AT Deadline

Soft Dollars

A Securities and Exchange Commission proposal requiring investment advisers to electronically file more information in their soft dollar arrangements, is raising objections. Investment advisers were expected to start electronically filing data this month. The web-based system, operated by the National Association of Securities Dealers, would be more accessible by the general public than the traditional paper-based arrangement. The sticking point is over whether the SEC will require advisers to file information that some advisers think will hurt their business. Until that is resolved, the old filing requirements are in force.

The Alliance In Support of Independent Research, a soft dollar trade group in Washington, objects, for instance, to a disclosure requirement in commission recapture arrangements. "In effect, the new disclosure appears to require that the investment adviser offer commission recapture to its client base if any client has instructed the adviser to direct trades." The group adds that the requirement, "may have the unintended consequence of discouraging advisory clients from participating in such arrangements."

Trade Through

The Island ECN is lobbying Washington for a new rule that would permit broker dealers to trade through orders at the inside – as long as they disclose the practice to their customers, according to general counsel Cameron Smith. The effort follows a request made by the Securities and Exchange Commission in August to market participants to consider such a trade-through disclosure rule. It has already proposed one for the options market.

The SEC's thinking contrasts sharply with a Securities Industry Association proposal calling for a market-wide ban on trade-throughs. The listed market already requires broker dealers to take out orders with the best bid or offer before filling any inferior-priced orders of their own. Nasdaq does not. Island, which has petitioned the SEC to become a stock exchange, refuses to join other ECNs in the Nasdaq InterMarket because it would mean turning away customers seeking fast fills at prices inferior to those found at slower-moving market centers.

Supermontage

Nasdaq's supermontage proposal got cheers from the sellside, but jeers from the buyside at a conference in New York. Scott Saber, an executive director at UBS Warburg, praised the addition of a hidden reserve facility to the quotes in the montage. He told attendees at the conference, on buyside and sellside trade communications, that it will make it possible for traders sweeping the Street to fill their entire order at the inside price (rather than executing lesser amounts at inferior prices.)

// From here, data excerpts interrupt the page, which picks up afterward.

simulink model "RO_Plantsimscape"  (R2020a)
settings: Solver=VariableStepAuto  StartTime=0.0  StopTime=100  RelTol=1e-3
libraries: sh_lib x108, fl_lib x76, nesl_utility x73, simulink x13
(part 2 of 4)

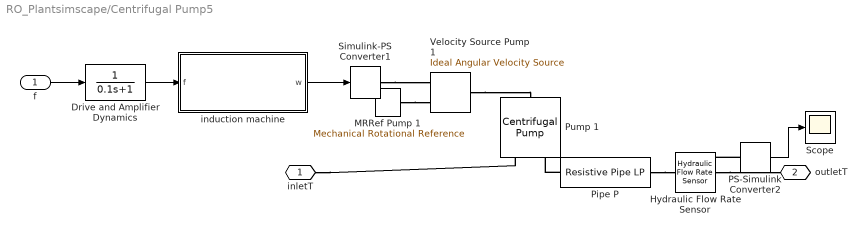
== system RO_Plantsimscape/Centrifugal Pump5 ==
  f : Inport
  Drive and Amplifier Dynamics : TransferFcn  Denominator=[0.1 1]
  Hydraulic Flow Rate Sensor : fl_lib/Hydraulic/Hydraulic Sensors/Hydraulic Flow Rate Sensor
  MRRef Pump 1 : fl_lib/Mechanical/Rotational Elements/Mechanical Rotational Reference
  PS-Simulink Converter2 : nesl_utility/PS-Simulink Converter  PhysicalDomain=network_engine_domain  SubClassName=ps_output  LeftPortType=input  RightPortType=output  PseudoPeriodic=off  Frequencies=[]  Unit=1  AffineConversion=off
  Pipe P : sh_lib/Low-Pressure Blocks/Resistive Pipe LP  cs_type=1  d_in=112.1660 mm  area=1e-04 m^2  D_h=0.0112 m  s_factor=64  length=8.1 m  length_ad=1 m  roughness=0.005 mm  Re_lam=2e+03  Re_turb=4e+03  elevation_A=45 m  elevation_B=45 m  g=9.80665 m/s^2  pressure_drop_specify=off  pressure_drop_priority=None  pressure_drop=0 Pa  pressure_drop_nominal_specify=off  pressure_drop_nominal_unit=Pa  pressure_drop_nominal_value=1  flow_rate_specify=off  flow_rate_priority=None  flow_rate=0 m^3/s  flow_rate_nominal_specify=off  flow_rate_nominal_unit=m^3/s  flow_rate_nominal_value=1
      settings: SourceProductBaseCode=SH  InternalSimscapePortConfiguration="{\"Bottom\":[],\"Left\":[{\"id\":\"A\",\"label\":\"A\",\"type\":\"foundation.hydraulic.hydraulic\"}],\"Right\":[{\"id\":\"B\",\"label\":\"B\",\"type\":\"foundation.hydraulic.hydraulic\"}],\"Top\":[]}"
  Pump 1 : sh_lib/Pumps and Motors/Centrifugal Pump  mdl_type=2  c_1=326.8 Pa/(kg/m^3)  c_2=3.104e+04 Pa*s/kg  c_3=1.097e+07 Pa*s^2/(kg*m^3)  c_4=2.136e+05 Pa*s^2/(kg*m^3)  c_f=0.8  design_del=130 lpm  ref_velocity=1.77e+03 rpm  ref_density=1000 kg/m^3  leak_resistance=1e+8 Pa/(m^3/s)  T_const=0.1 N*m  trq_press_coeff=1e-6 N*m/Pa  pump_del_1D="[0    0.0032    0.0063    0.0095    0.0126    0.0158] m^3/s"  press_diff_1D="[4.4851    4.3655    4.1413    3.7376    2.9901    1.7940] bar"  pump_del_power_1D="[0    0.0032    0.0063    0.0095    0.0126    0.0158] m^3/s"  power_1D="[0\t2116.60000000000\t3727.20000000000\t4734.30000000000\t5232.70000000000\t4360.90000000000] W"  pump_vel_2D="[  3.2e+03 3.3e+03 3.4e+03 3.5e+03 ] rpm"  pump_del_2D="[  0 50 100 150 200 250 300 350 ] lpm"  press_diff_2D="[  8.3 8.8 9.3 9.9 ; 7.8 8.3 8.8 9.4 ; 7.2 7.6 8.2 8.7 ; 6.5 7 7.5 8 ; 5.6 6.1 6.6 7.1 ; 4.7 5.2 5.7 6.2 ; 3.4 4 4.4 4.9 ; 2.3 2.7 3.4 3.6 ; ] bar"  pump_del_power_2D="[  0 50 100 150 200 250 300 350 ] lpm"  power_2D="[  1.223e+03 1.341e+03 1.467e+03 1.6e+03 ; 1.414e+03 1.551e+03 1.696e+03 1.85e+03 ; 1.636e+03 1.794e+03 1.962e+03 2.14e+03 ; 1.941e+03 2.129e+03 2.326e+03 2.54e+03 ; 2.224e+03 2.439e+03 2.66e+03 2.91e+03 ; 2.453e+03 2.691e+03 2.947e+03 3.21e+03 ; 2.757e+03 3.024e+03 3.307e+03 3.608e+03 ; 2.945e+03 3.23e+03 3.533e+03 3.854e+03 ; ] W"  omega_threshold=1e-9 rad/s  interp_method=2  extrap_method=1
      settings: SourceProductBaseCode=SH  InternalSimscapePortConfiguration="{\"Bottom\":[],\"Left\":[{\"id\":\"S\",\"label\":\"S\",\"type\":\"foundation.mechanical.rotational.rotational\"}],\"Right\":[{\"id\":\"P\",\"label\":\"P\",\"type\":\"foundation.hydraulic.hydraulic\"},{\"id\":\"T\",\"label\":\"T\",\"type\":\"foundation.hydraulic.hydraulic\"}],\"Top\":[]}"
  Scope : Scope
  Simulink-PS Converter1 : nesl_utility/Simulink-PS Converter  PhysicalDomain=network_engine_domain  SubClassName=ps_input  LeftPortType=input  RightPortType=output  PseudoPeriodic=off  Frequencies=[]  NoiseDistribution=none  NoiseParameters=[]  Unit=rpm  AffineConversion=off  FilteringAndDerivatives=zero  SimscapeFilterOrder=1  InputFilterTimeConstant=.001  UdotUserProvided=0
  Velocity Source Pump 1 : fl_lib/Mechanical/Mechanical Sources/Ideal Angular Velocity Source
  induction machine : Subsystem
  inletT : PMIOPort  Side=Left
  outletT : PMIOPort  Port=2  Side=Right
  wires:
  f/1 -> Drive and Amplifier Dynamics/1
  induction machine/1(w) -> Simulink-PS Converter1/1
  Drive and Amplifier Dynamics/1 -> induction machine/1(f)
  PS-Simulink Converter2/1 -> Scope/1
  connections:
  Velocity Source Pump 1/LConn1 -- Pump 1/LConn1
  MRRef Pump 1/LConn1 -- Velocity Source Pump 1/RConn2
  inletT/RConn1 -- Pump 1/RConn2
  Pipe P/LConn1 -- Pump 1/RConn1
  Simulink-PS Converter1/RConn1 -- Velocity Source Pump 1/RConn1
  Pipe P/RConn1 -- Hydraulic Flow Rate Sensor/LConn1
  Hydraulic Flow Rate Sensor/RConn2 -- outletT/RConn1
  PS-Simulink Converter2/LConn1 -- Hydraulic Flow Rate Sensor/RConn1

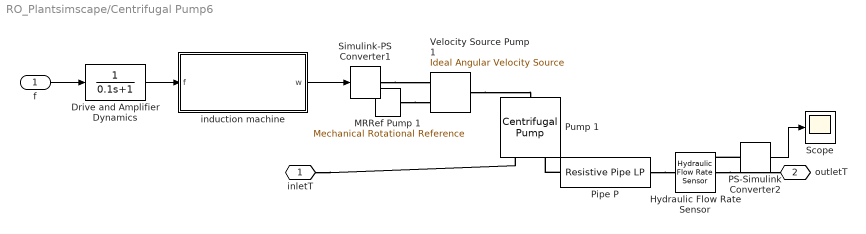
== system RO_Plantsimscape/Centrifugal Pump6 ==
  f : Inport
  Drive and Amplifier Dynamics : TransferFcn  Denominator=[0.1 1]
  Hydraulic Flow Rate Sensor : fl_lib/Hydraulic/Hydraulic Sensors/Hydraulic Flow Rate Sensor
  MRRef Pump 1 : fl_lib/Mechanical/Rotational Elements/Mechanical Rotational Reference
  PS-Simulink Converter2 : nesl_utility/PS-Simulink Converter  PhysicalDomain=network_engine_domain  SubClassName=ps_output  LeftPortType=input  RightPortType=output  PseudoPeriodic=off  Frequencies=[]  Unit=1  AffineConversion=off
  Pipe P : sh_lib/Low-Pressure Blocks/Resistive Pipe LP  cs_type=1  d_in=112.1660 mm  area=1e-04 m^2  D_h=0.0112 m  s_factor=64  length=8.1 m  length_ad=1 m  roughness=0.005 mm  Re_lam=2e+03  Re_turb=4e+03  elevation_A=45 m  elevation_B=45 m  g=9.80665 m/s^2  pressure_drop_specify=off  pressure_drop_priority=None  pressure_drop=0 Pa  pressure_drop_nominal_specify=off  pressure_drop_nominal_unit=Pa  pressure_drop_nominal_value=1  flow_rate_specify=off  flow_rate_priority=None  flow_rate=0 m^3/s  flow_rate_nominal_specify=off  flow_rate_nominal_unit=m^3/s  flow_rate_nominal_value=1
      settings: SourceProductBaseCode=SH  InternalSimscapePortConfiguration="{\"Bottom\":[],\"Left\":[{\"id\":\"A\",\"label\":\"A\",\"type\":\"foundation.hydraulic.hydraulic\"}],\"Right\":[{\"id\":\"B\",\"label\":\"B\",\"type\":\"foundation.hydraulic.hydraulic\"}],\"Top\":[]}"
  Pump 1 : sh_lib/Pumps and Motors/Centrifugal Pump  mdl_type=2  c_1=326.8 Pa/(kg/m^3)  c_2=3.104e+04 Pa*s/kg  c_3=1.097e+07 Pa*s^2/(kg*m^3)  c_4=2.136e+05 Pa*s^2/(kg*m^3)  c_f=0.8  design_del=130 lpm  ref_velocity=1.77e+03 rpm  ref_density=1000 kg/m^3  leak_resistance=1e+8 Pa/(m^3/s)  T_const=0.1 N*m  trq_press_coeff=1e-6 N*m/Pa  pump_del_1D="[0    0.0032    0.0063    0.0095    0.0126    0.0158] m^3/s"  press_diff_1D="[4.4851    4.3655    4.1413    3.7376    2.9901    1.7940] bar"  pump_del_power_1D="[0    0.0032    0.0063    0.0095    0.0126    0.0158] m^3/s"  power_1D="[0\t2116.60000000000\t3727.20000000000\t4734.30000000000\t5232.70000000000\t4360.90000000000] W"  pump_vel_2D="[  3.2e+03 3.3e+03 3.4e+03 3.5e+03 ] rpm"  pump_del_2D="[  0 50 100 150 200 250 300 350 ] lpm"  press_diff_2D="[  8.3 8.8 9.3 9.9 ; 7.8 8.3 8.8 9.4 ; 7.2 7.6 8.2 8.7 ; 6.5 7 7.5 8 ; 5.6 6.1 6.6 7.1 ; 4.7 5.2 5.7 6.2 ; 3.4 4 4.4 4.9 ; 2.3 2.7 3.4 3.6 ; ] bar"  pump_del_power_2D="[  0 50 100 150 200 250 300 350 ] lpm"  power_2D="[  1.223e+03 1.341e+03 1.467e+03 1.6e+03 ; 1.414e+03 1.551e+03 1.696e+03 1.85e+03 ; 1.636e+03 1.794e+03 1.962e+03 2.14e+03 ; 1.941e+03 2.129e+03 2.326e+03 2.54e+03 ; 2.224e+03 2.439e+03 2.66e+03 2.91e+03 ; 2.453e+03 2.691e+03 2.947e+03 3.21e+03 ; 2.757e+03 3.024e+03 3.307e+03 3.608e+03 ; 2.945e+03 3.23e+03 3.533e+03 3.854e+03 ; ] W"  omega_threshold=1e-9 rad/s  interp_method=2  extrap_method=1
      settings: SourceProductBaseCode=SH  InternalSimscapePortConfiguration="{\"Bottom\":[],\"Left\":[{\"id\":\"S\",\"label\":\"S\",\"type\":\"foundation.mechanical.rotational.rotational\"}],\"Right\":[{\"id\":\"P\",\"label\":\"P\",\"type\":\"foundation.hydraulic.hydraulic\"},{\"id\":\"T\",\"label\":\"T\",\"type\":\"foundation.hydraulic.hydraulic\"}],\"Top\":[]}"
  Scope : Scope
  Simulink-PS Converter1 : nesl_utility/Simulink-PS Converter  PhysicalDomain=network_engine_domain  SubClassName=ps_input  LeftPortType=input  RightPortType=output  PseudoPeriodic=off  Frequencies=[]  NoiseDistribution=none  NoiseParameters=[]  Unit=rpm  AffineConversion=off  FilteringAndDerivatives=zero  SimscapeFilterOrder=1  InputFilterTimeConstant=.001  UdotUserProvided=0
  Velocity Source Pump 1 : fl_lib/Mechanical/Mechanical Sources/Ideal Angular Velocity Source
  induction machine : Subsystem
  inletT : PMIOPort  Side=Left
  outletT : PMIOPort  Port=2  Side=Right
  wires:
  f/1 -> Drive and Amplifier Dynamics/1
  induction machine/1(w) -> Simulink-PS Converter1/1
  Drive and Amplifier Dynamics/1 -> induction machine/1(f)
  PS-Simulink Converter2/1 -> Scope/1
  connections:
  Velocity Source Pump 1/LConn1 -- Pump 1/LConn1
  MRRef Pump 1/LConn1 -- Velocity Source Pump 1/RConn2
  inletT/RConn1 -- Pump 1/RConn2
  Pipe P/LConn1 -- Pump 1/RConn1
  Simulink-PS Converter1/RConn1 -- Velocity Source Pump 1/RConn1
  Pipe P/RConn1 -- Hydraulic Flow Rate Sensor/LConn1
  Hydraulic Flow Rate Sensor/RConn2 -- outletT/RConn1
  PS-Simulink Converter2/LConn1 -- Hydraulic Flow Rate Sensor/RConn1

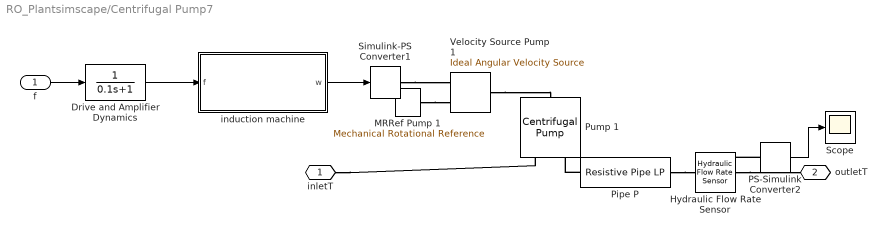
== system RO_Plantsimscape/Centrifugal Pump7 ==
  f : Inport
  Drive and Amplifier Dynamics : TransferFcn  Denominator=[0.1 1]
  Hydraulic Flow Rate Sensor : fl_lib/Hydraulic/Hydraulic Sensors/Hydraulic Flow Rate Sensor
  MRRef Pump 1 : fl_lib/Mechanical/Rotational Elements/Mechanical Rotational Reference
  PS-Simulink Converter2 : nesl_utility/PS-Simulink Converter  PhysicalDomain=network_engine_domain  SubClassName=ps_output  LeftPortType=input  RightPortType=output  PseudoPeriodic=off  Frequencies=[]  Unit=1  AffineConversion=off
  Pipe P : sh_lib/Low-Pressure Blocks/Resistive Pipe LP  cs_type=1  d_in=48 in  area=1e-04 m^2  D_h=0.0112 m  s_factor=7.15e-02  length=8.1 m  length_ad=1 m  roughness=0.005 mm  Re_lam=2e+03  Re_turb=4e+03  elevation_A=45 m  elevation_B=45 m  g=9.80665 m/s^2  pressure_drop_specify=off  pressure_drop_priority=None  pressure_drop=0 Pa  pressure_drop_nominal_specify=off  pressure_drop_nominal_unit=Pa  pressure_drop_nominal_value=1  flow_rate_specify=off  flow_rate_priority=None  flow_rate=0 m^3/s  flow_rate_nominal_specify=off  flow_rate_nominal_unit=m^3/s  flow_rate_nominal_value=1
      settings: SourceProductBaseCode=SH  InternalSimscapePortConfiguration="{\"Bottom\":[],\"Left\":[{\"id\":\"A\",\"label\":\"A\",\"type\":\"foundation.hydraulic.hydraulic\"}],\"Right\":[{\"id\":\"B\",\"label\":\"B\",\"type\":\"foundation.hydraulic.hydraulic\"}],\"Top\":[]}"
  Pump 1 : sh_lib/Pumps and Motors/Centrifugal Pump  mdl_type=1  c_1=3.268e+30 Pa/(kg/m^3)  c_2=3.104e+16 Pa*s/kg  c_3=1.097e+22 Pa*s^2/(kg*m^3)  c_4=2.136e+18 Pa*s^2/(kg*m^3)  c_f=0.8  design_del=2.5 m^3/s  ref_velocity=1.77e+03 rpm  ref_density=1000 kg/m^3  leak_resistance=1e+8 Pa/(m^3/s)  T_const=1000 N*m  trq_press_coeff=1e-6 N*m/Pa  pump_del_1D="[0    0.0032    0.0063    0.0095    0.0126    0.0158] m^3/s"  press_diff_1D="[4.4851    4.3655    4.1413    3.7376    2.9901    1.7940] bar"  pump_del_power_1D="[0    0.0032    0.0063    0.0095    0.0126    0.0158] m^3/s"  power_1D="[0\t2116.60000000000\t3727.20000000000\t4734.30000000000\t5232.70000000000\t4360.90000000000] W"  pump_vel_2D="[  3.2e+03 3.3e+03 3.4e+03 3.5e+03 ] rpm"  pump_del_2D="[  0 50 100 150 200 250 300 350 ] lpm"  press_diff_2D="[  8.3 8.8 9.3 9.9 ; 7.8 8.3 8.8 9.4 ; 7.2 7.6 8.2 8.7 ; 6.5 7 7.5 8 ; 5.6 6.1 6.6 7.1 ; 4.7 5.2 5.7 6.2 ; 3.4 4 4.4 4.9 ; 2.3 2.7 3.4 3.6 ; ] bar"  pump_del_power_2D="[  0 50 100 150 200 250 300 350 ] lpm"  power_2D="[  1.223e+03 1.341e+03 1.467e+03 1.6e+03 ; 1.414e+03 1.551e+03 1.696e+03 1.85e+03 ; 1.636e+03 1.794e+03 1.962e+03 2.14e+03 ; 1.941e+03 2.129e+03 2.326e+03 2.54e+03 ; 2.224e+03 2.439e+03 2.66e+03 2.91e+03 ; 2.453e+03 2.691e+03 2.947e+03 3.21e+03 ; 2.757e+03 3.024e+03 3.307e+03 3.608e+03 ; 2.945e+03 3.23e+03 3.533e+03 3.854e+03 ; ] W"  omega_threshold=1e-9 rad/s  interp_method=2  extrap_method=1
      settings: SourceProductBaseCode=SH  InternalSimscapePortConfiguration="{\"Bottom\":[],\"Left\":[{\"id\":\"S\",\"label\":\"S\",\"type\":\"foundation.mechanical.rotational.rotational\"}],\"Right\":[{\"id\":\"P\",\"label\":\"P\",\"type\":\"foundation.hydraulic.hydraulic\"},{\"id\":\"T\",\"label\":\"T\",\"type\":\"foundation.hydraulic.hydraulic\"}],\"Top\":[]}"
  Scope : Scope
  Simulink-PS Converter1 : nesl_utility/Simulink-PS Converter  PhysicalDomain=network_engine_domain  SubClassName=ps_input  LeftPortType=input  RightPortType=output  PseudoPeriodic=off  Frequencies=[]  NoiseDistribution=none  NoiseParameters=[]  Unit=rpm  AffineConversion=off  FilteringAndDerivatives=zero  SimscapeFilterOrder=1  InputFilterTimeConstant=.001  UdotUserProvided=0
  Velocity Source Pump 1 : fl_lib/Mechanical/Mechanical Sources/Ideal Angular Velocity Source
  induction machine : Subsystem
  inletT : PMIOPort  Side=Left
  outletT : PMIOPort  Port=2  Side=Right
  wires:
  f/1 -> Drive and Amplifier Dynamics/1
  induction machine/1(w) -> Simulink-PS Converter1/1
  Drive and Amplifier Dynamics/1 -> induction machine/1(f)
  PS-Simulink Converter2/1 -> Scope/1
  connections:
  Velocity Source Pump 1/LConn1 -- Pump 1/LConn1
  MRRef Pump 1/LConn1 -- Velocity Source Pump 1/RConn2
  inletT/RConn1 -- Pump 1/RConn2
  Pipe P/LConn1 -- Pump 1/RConn1
  Simulink-PS Converter1/RConn1 -- Velocity Source Pump 1/RConn1
  Pipe P/RConn1 -- Hydraulic Flow Rate Sensor/LConn1
  Hydraulic Flow Rate Sensor/RConn2 -- outletT/RConn1
  PS-Simulink Converter2/LConn1 -- Hydraulic Flow Rate Sensor/RConn1

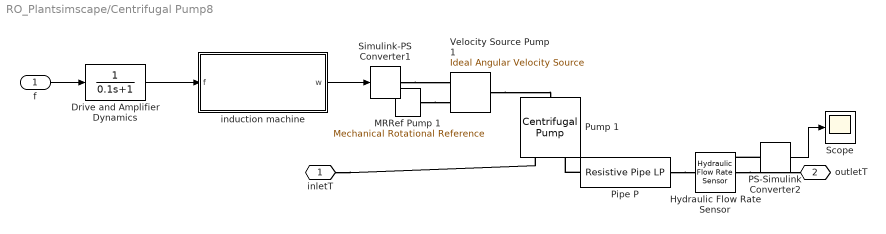
== system RO_Plantsimscape/Centrifugal Pump8 ==
  f : Inport
  Drive and Amplifier Dynamics : TransferFcn  Denominator=[0.1 1]
  Hydraulic Flow Rate Sensor : fl_lib/Hydraulic/Hydraulic Sensors/Hydraulic Flow Rate Sensor
  MRRef Pump 1 : fl_lib/Mechanical/Rotational Elements/Mechanical Rotational Reference
  PS-Simulink Converter2 : nesl_utility/PS-Simulink Converter  PhysicalDomain=network_engine_domain  SubClassName=ps_output  LeftPortType=input  RightPortType=output  PseudoPeriodic=off  Frequencies=[]  Unit=1  AffineConversion=off
  Pipe P : sh_lib/Low-Pressure Blocks/Resistive Pipe LP  cs_type=1  d_in=112.1660 mm  area=1e-04 m^2  D_h=0.0112 m  s_factor=64  length=8.1 m  length_ad=1 m  roughness=0.005 mm  Re_lam=2e+03  Re_turb=4e+03  elevation_A=45 m  elevation_B=45 m  g=9.80665 m/s^2  pressure_drop_specify=off  pressure_drop_priority=None  pressure_drop=0 Pa  pressure_drop_nominal_specify=off  pressure_drop_nominal_unit=Pa  pressure_drop_nominal_value=1  flow_rate_specify=off  flow_rate_priority=None  flow_rate=0 m^3/s  flow_rate_nominal_specify=off  flow_rate_nominal_unit=m^3/s  flow_rate_nominal_value=1
      settings: SourceProductBaseCode=SH  InternalSimscapePortConfiguration="{\"Bottom\":[],\"Left\":[{\"id\":\"A\",\"label\":\"A\",\"type\":\"foundation.hydraulic.hydraulic\"}],\"Right\":[{\"id\":\"B\",\"label\":\"B\",\"type\":\"foundation.hydraulic.hydraulic\"}],\"Top\":[]}"
  Pump 1 : sh_lib/Pumps and Motors/Centrifugal Pump  mdl_type=2  c_1=326.8 Pa/(kg/m^3)  c_2=3.104e+04 Pa*s/kg  c_3=1.097e+07 Pa*s^2/(kg*m^3)  c_4=2.136e+05 Pa*s^2/(kg*m^3)  c_f=0.8  design_del=130 lpm  ref_velocity=1.77e+03 rpm  ref_density=1000 kg/m^3  leak_resistance=1e+8 Pa/(m^3/s)  T_const=0.1 N*m  trq_press_coeff=1e-6 N*m/Pa  pump_del_1D="[0    0.0032    0.0063    0.0095    0.0126    0.0158] m^3/s"  press_diff_1D="[4.4851    4.3655    4.1413    3.7376    2.9901    1.7940] bar"  pump_del_power_1D="[0    0.0032    0.0063    0.0095    0.0126    0.0158] m^3/s"  power_1D="[0\t2116.60000000000\t3727.20000000000\t4734.30000000000\t5232.70000000000\t4360.90000000000] W"  pump_vel_2D="[  3.2e+03 3.3e+03 3.4e+03 3.5e+03 ] rpm"  pump_del_2D="[  0 50 100 150 200 250 300 350 ] lpm"  press_diff_2D="[  8.3 8.8 9.3 9.9 ; 7.8 8.3 8.8 9.4 ; 7.2 7.6 8.2 8.7 ; 6.5 7 7.5 8 ; 5.6 6.1 6.6 7.1 ; 4.7 5.2 5.7 6.2 ; 3.4 4 4.4 4.9 ; 2.3 2.7 3.4 3.6 ; ] bar"  pump_del_power_2D="[  0 50 100 150 200 250 300 350 ] lpm"  power_2D="[  1.223e+03 1.341e+03 1.467e+03 1.6e+03 ; 1.414e+03 1.551e+03 1.696e+03 1.85e+03 ; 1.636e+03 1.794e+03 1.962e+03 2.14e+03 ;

Saber noted, however, the feature would enable a dealer to "hold" the market, making it difficult for others to make it to the top of the queue. Priority in the montage came under fire from Harold Bradley, an ex-head trader, former portfolio manager and now president of American Century Ventures at mutual fund giant American Century. He complained that supermontage would favor market makers over limit order traders using access fee-charging ECNs. "There's no price-time priority," Bradley said. Bradley is annoyed that orders at the inside posted to ECNs which charge access fees, will be subordinate in supermontage to similarly-priced quotes from market makers. That could make it difficult for limit order traders to get filled.

OptiMark

Nasdaq is reportedly interested in acquiring some of OptiMark's software development expertise to help it build supermontage. That's was likely made easier with of OptiMark's decision to cease its stock trading operations on Nasdaq and the Pacific Exchange. Unable to arrange a cash infusion and plagued for months by negligible volume, the vendor of the buy-side alternative trading system was shutting down gradually over a number of days with plans to layoff 110 employees.

OptiMark began life in 1998 with capital of $150 million and an aggressive marketing campaign. But it was deemed too difficult to use by buy-side traders. The company will continue to operate as a trading software development firm run by its former chief technology officer, Robert Warshow, and newcomer, David Johnson. OptiMark's current chief executive, Phillip Riese, will step down.